The units digit of a two-digit number is 1 less than the square of the tens digit. The number reversed is 7 more than twice the original number. Find the original number.
" The units digit of a two-digit number is 1 less than the square of the tens digit "
the only possiblities are
10 , 23 , and 38
A quick check,
83 = 2(38) + 7
the original number is 38
or (the long algebraic way)
Let the unit digit be y
let the x digit be x
then y = x^2 - 1
Original number: 10x + y
reversed number: 10y + x
10y + x = 2(10x + y) + 7
19x -8y + 7 = 0
sub in y = x^2 - 1
8x^2 - 19x + 15 = 0
(x-3)(8x-5) = 0
x = 3 or x = a fraction
so x=3, then y= 9-1 = 8
the original number is 38
To solve this problem, let's use algebraic equations.
Let's assume the tens digit of the two-digit number is "x" and the units digit is "y".

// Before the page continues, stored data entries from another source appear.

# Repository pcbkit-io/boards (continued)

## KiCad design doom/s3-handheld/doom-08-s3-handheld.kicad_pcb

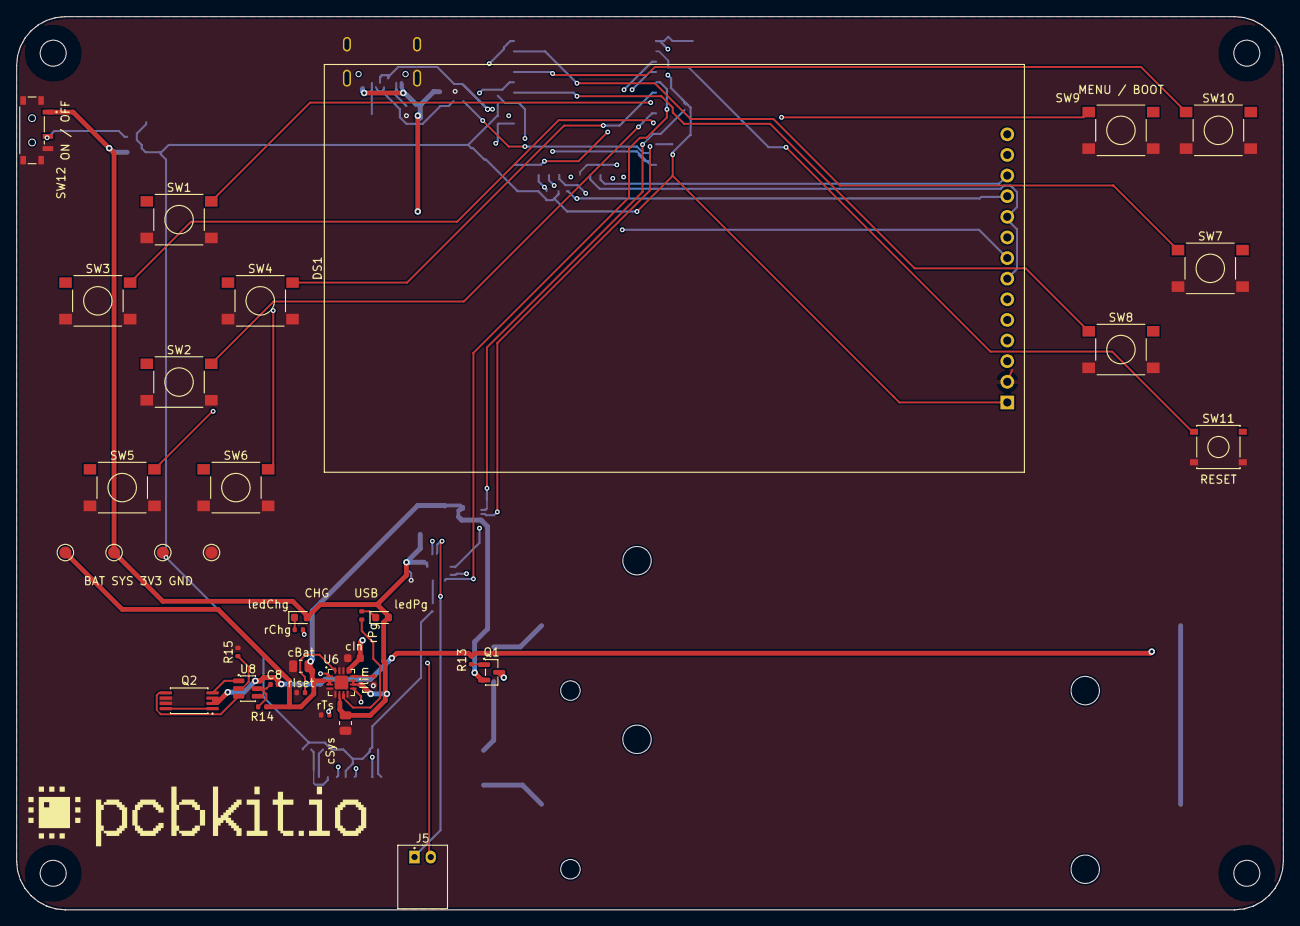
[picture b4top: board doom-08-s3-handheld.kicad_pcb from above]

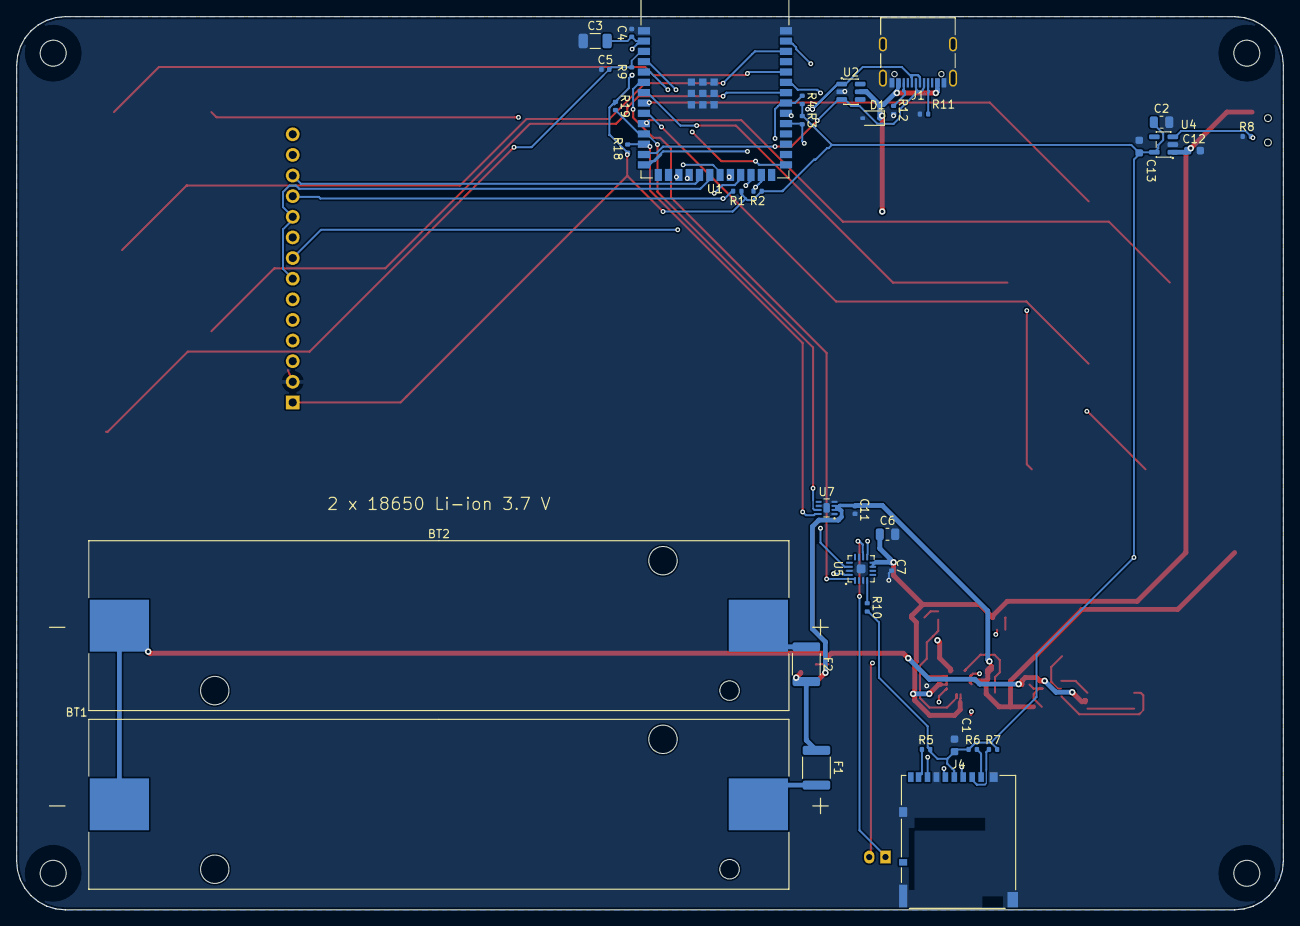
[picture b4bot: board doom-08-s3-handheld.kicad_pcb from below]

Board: 4 copper layers, 156.0 x 110.0 mm, 77 parts (36 on the bottom side), 61 nets.

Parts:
BT1, BT2: 1042; BatteryHolder_Keystone_1042_1x18650
C1: 10uF; C_0603_1608Metric
C2: 22uF; C_0805_2012Metric
C3: 22uF; C_1206_3216Metric
C4, C7, C8, C11: 100nF; C_0402_1005Metric
C5: 1uF; C_0402_1005Metric
C6: 10uF; C_0805_2012Metric
C12, C13: 1uF; C_0603_1608Metric
D1: tvs 5V; D_SOD-323
DS1: MSP2807 2.8in 240x320 SPI TFT module with touch (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; TFT_2.8in_ILI9341_Socket_1x14_P2.54mm
F1, F2: PTC 2000mA; Fuse_1812_4532Metric
H1, H2, H3, H4: MountingHole_3.2mm_M3
J1: USB4105-GF-A; USB_C_Receptacle_USB2.0_16P
J4: DM3AT-SF-PEJM5; Hirose_DM3AT_microSD_socket_push-push
J5: S2B-PH-K-S(LF)(SN); JST_PH_S2B-PH-K_1x02_P2.00mm_Horizontal
Q1: AO3401A; SOT-23
Q2: FS8205A; TSSOP-8_4.4x2.93mm_P0.65mm
R1, R2, R3, R4, R5, R6, R7, R9: 10kohm; R_0402_1005Metric
R8, R13: 100kohm; R_0402_1005Metric
R10: 634kohm; R_0402_1005Metric
R11, R12: 5.1kohm; R_0402_1005Metric
R14: 100ohm; R_0402_1005Metric
R15: 1kohm; R_0402_1005Metric
R18, R19: 3.3kohm; R_0402_1005Metric
SW1, SW2, SW3, SW4, SW5, SW6, SW7, SW8, SW9, SW10: PTS645SM43SMTR92 LFS; SW_Tactile_SPST_6x6mm_SMD
SW11: TS-1187A-B-A-B; SW_Tactile_SPST_5.1x5.1mm_SMD
SW12: MSK12C02; SW_Slide_SPDT_Shouhan_MSK12C02
U1: ESP32-S3-WROOM-1-N16R8; ESP32-S3-WROOM-1_module_18x25.5mm_40_edge_pads_EPAD
U2: USBLC6-2SC6; SOT-23-6
U4: TLV75733PDBVR; SOT-23-5
U5: MAX98357AETE+T; QFN-16-1EP_3x3mm_P0.5mm_EP1.1x1.1mm
U6: BQ24075RGTR; QFN-16-1EP_3x3mm_P0.5mm_EP1.68x1.68mm
U7: MAX17048G+T10; DFN-8-1EP_2x2mm_P0.5mm_EP0.8x1.2mm
U8: DW01A; SOT-6_1.6x2.9mm_P0.95mm
cBat: 4.7uF; C_0805_2012Metric
cIn: 1uF; C_0603_1608Metric
cSys: 4.7uF; C_0805_2012Metric
ledChg: red; LED_0603_1608Metric
ledPg: green; LED_0603_1608Metric
logo: Logo_PCBKit_pcbkit.io
rChg: 1.5kohm; R_0402_1005Metric
rIlim: 1.18kohm; R_0402_1005Metric
rIset: 1.13kohm; R_0402_1005Metric
rPg: 1.5kohm; R_0402_1005Metric
rTs: 10kohm; R_0402_1005Metric
tpBat: TestPoint_Round_D1.5mm
tpGnd: TestPoint_Round_D1.5mm
tpSys: TestPoint_Round_D1.5mm
tpV3: TestPoint_Round_D1.5mm

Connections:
BAT: C11.1 (a), Q1.2 (S), R14.1 (a), U6.2 (BAT), U6.3 (BAT), U7.2 (CELL), U7.3 (VDD), cBat.1 (a), tpBat.1
BAT_IN: F1.2 (b), F2.2 (b), Q1.3 (D)
CELL1_P: BT1.2 (C2), F1.1 (a)
CELL2_P: BT2.2 (C2), F2.1 (a)
CELL_N: BT1.1 (C1), BT2.1 (C1), C8.1 (a), Q2.2 (S1), Q2.3 (S1), R13.2 (b), U8.6 (GND)
CHG_LED: ledChg.1 (K), rChg.2 (b)
CHG_N: U6.9 (nCHG), rChg.1 (a)
DN: J1.A7 (DN), J1.B7 (DN), U1.13 (IO19), U2.3 (IO2)
DOWN: SW2.1 (a), U1.9 (IO16)
DP: J1.A6 (DP), J1.B6 (DP), U1.14 (IO20), U2.1 (IO1)
EN: C5.1 (a), R9.2 (b), SW11.1 (a), U1.3 (EN)
ENTER: SW10.1 (a), U1.36 (RXD0)
FIRE: SW7.1 (a), U1.38 (IO2)
GND: C1.2 (b), C2.2 (b), C3.2 (b), C4.2 (b), C5.2 (b), C6.2 (b), C7.2 (b), C11.2 (b), C12.2 (b), C13.2 (b), D1.2 (A), DS1.2 (GND), J1.A1 (GND), J1.A12, J1.B1 (GND), J1.B12, J1.S1 (SHIELD), J4.6 (VSS), J4.SH, Q2.6 (S2), Q2.7 (S2), R8.2 (b), R11.2 (b), R12.2 (b), R15.2 (b), SW1.2 (b), SW2.2 (b), SW3.2 (b), SW4.2 (b), SW5.2 (b), SW6.2 (b), SW7.2 (b), SW8.2 (b), SW9.2 (b), SW10.2 (b), SW11.2 (b), SW12.3 (B), SW12.4 (SHELL), U1.1 (GND), U1.40 (GND), U1.41 (GND), U2.2 (GND), U4.2 (GND), U5.3 (GND), U5.11 (GND), U5.15 (GND), U5.17 (EP), U6.4 (nCE), U6.5 (EN2), U6.8 (VSS), U6.14 (TMR), U6.15 (SYSOFF), U6.17 (VSS), U7.1 (CTG), U7.4 (GND), U7.6 (QSTRT), U7.9 (EP), cBat.2 (b), cIn.2 (b), cSys.2 (b), rIlim.2 (b), rIset.2 (b), rTs.2 (b), tpGnd.1
I2S_BCK: U1.4 (IO4), U5.16 (BCLK)
I2S_DIN: U1.6 (IO6), U5.1 (DIN)
I2S_LRCK: U1.5 (IO5), U5.14 (LRCLK)
ILIM: U6.12 (ILIM), rIlim.1 (a)
ISET: U6.16 (ISET), rIset.1 (a)
LCD_BL: DS1.8 (LED), U1.23 (IO21)
LCD_CS: DS1.3 (CS), U1.18 (IO10)
LCD_DC: DS1.5 (DC), U1.17 (IO9)
LCD_RST: DS1.4 (RESET), U1.22 (IO14)
LDO_EN: R8.1 (a), SW12.2 (COM), U4.3 (EN)
LEFT: SW3.1 (a), U1.10 (IO17)
MENU: SW9.1 (a), U1.27 (IO0)
MISO: DS1.9 (SDO), DS1.13 (T_DO), U1.21 (IO13)
MOSI: DS1.6 (SDI), DS1.12 (T_DIN), U1.19 (IO11)
unnamed: C8.2 (b), R14.2 (b), U8.5 (VCC)
unnamed: Q2.4 (G1), U8.1 (OD)
unnamed: Q2.5 (G2), U8.3 (OC)
unnamed: R10.2 (b), U5.4 (SD_MODE)
unnamed: R15.1 (a), U8.2 (CS)
PG_LED: ledPg.1 (K), rPg.2 (b)
PG_N: U6.7 (nPGOOD), rPg.1 (a)
RIGHT: SW4.1 (a), U1.7 (IO7)
SCK: DS1.7 (SCK), DS1.10 (T_CLK), U1.20 (IO12)
SCL: R19.2 (b), U1.11 (IO18), U7.7 (SCL)
SDA: R18.2 (b), U1.12 (IO8), U7.8 (SDA)
SD_CLK: J4.5 (CLK), U1.32 (IO39)
SD_CMD: J4.3 (CMD), R3.2 (b), U1.31 (IO38)
SD_D0: J4.7 (DAT0), R4.1 (a), U1.33 (IO40)
SD_D1: J4.8 (DAT1), R5.1 (a)
SD_D2: J4.1 (DAT2), R6.2 (b)
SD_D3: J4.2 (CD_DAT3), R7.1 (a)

According to the problem, we know that the units digit is 1 less than the square of the tens digit. So, we can write the equation:
y = x^2 - 1 (Equation 1)
We also know that the number reversed is 7 more than twice the original number. The original number can be represented as 10x + y, and its reverse is 10y + x. So, we can write the equation:
10y + x = 2(10x + y) + 7 (Equation 2)
Now, we have a system of equations (Equation 1 and Equation 2) that we can solve simultaneously to find the values of x and y, and hence the original number.
Let's solve this system of equations:
Substitute the value of y from Equation 1 into Equation 2:
10(x^2 - 1) + x = 20x + 2y + 7
Expanding and rearranging the terms:
10x^2 - 10 + x = 20x + 2y + 7
10x^2 - 19x - 2y + 17 = 0
Now, we have a quadratic equation in terms of "x". Let's solve it using factoring or the quadratic formula:
Factorizing the quadratic equation might be challenging, so let's use the quadratic formula:
x = (-b ± √(b^2 - 4ac)) / (2a)
For our equation, a = 10, b = -19, and c = 17
x = (-(-19) ± √((-19)^2 - 4 * 10 * 17)) / (2 * 10)
= (19 ± √(361 - 680)) / 20
= (19 ± √(-319)) / 20
The square root of a negative number is not a real number, so we can see that there are no real solutions for "x" in this case. Therefore, there is no two-digit number that satisfies the given conditions.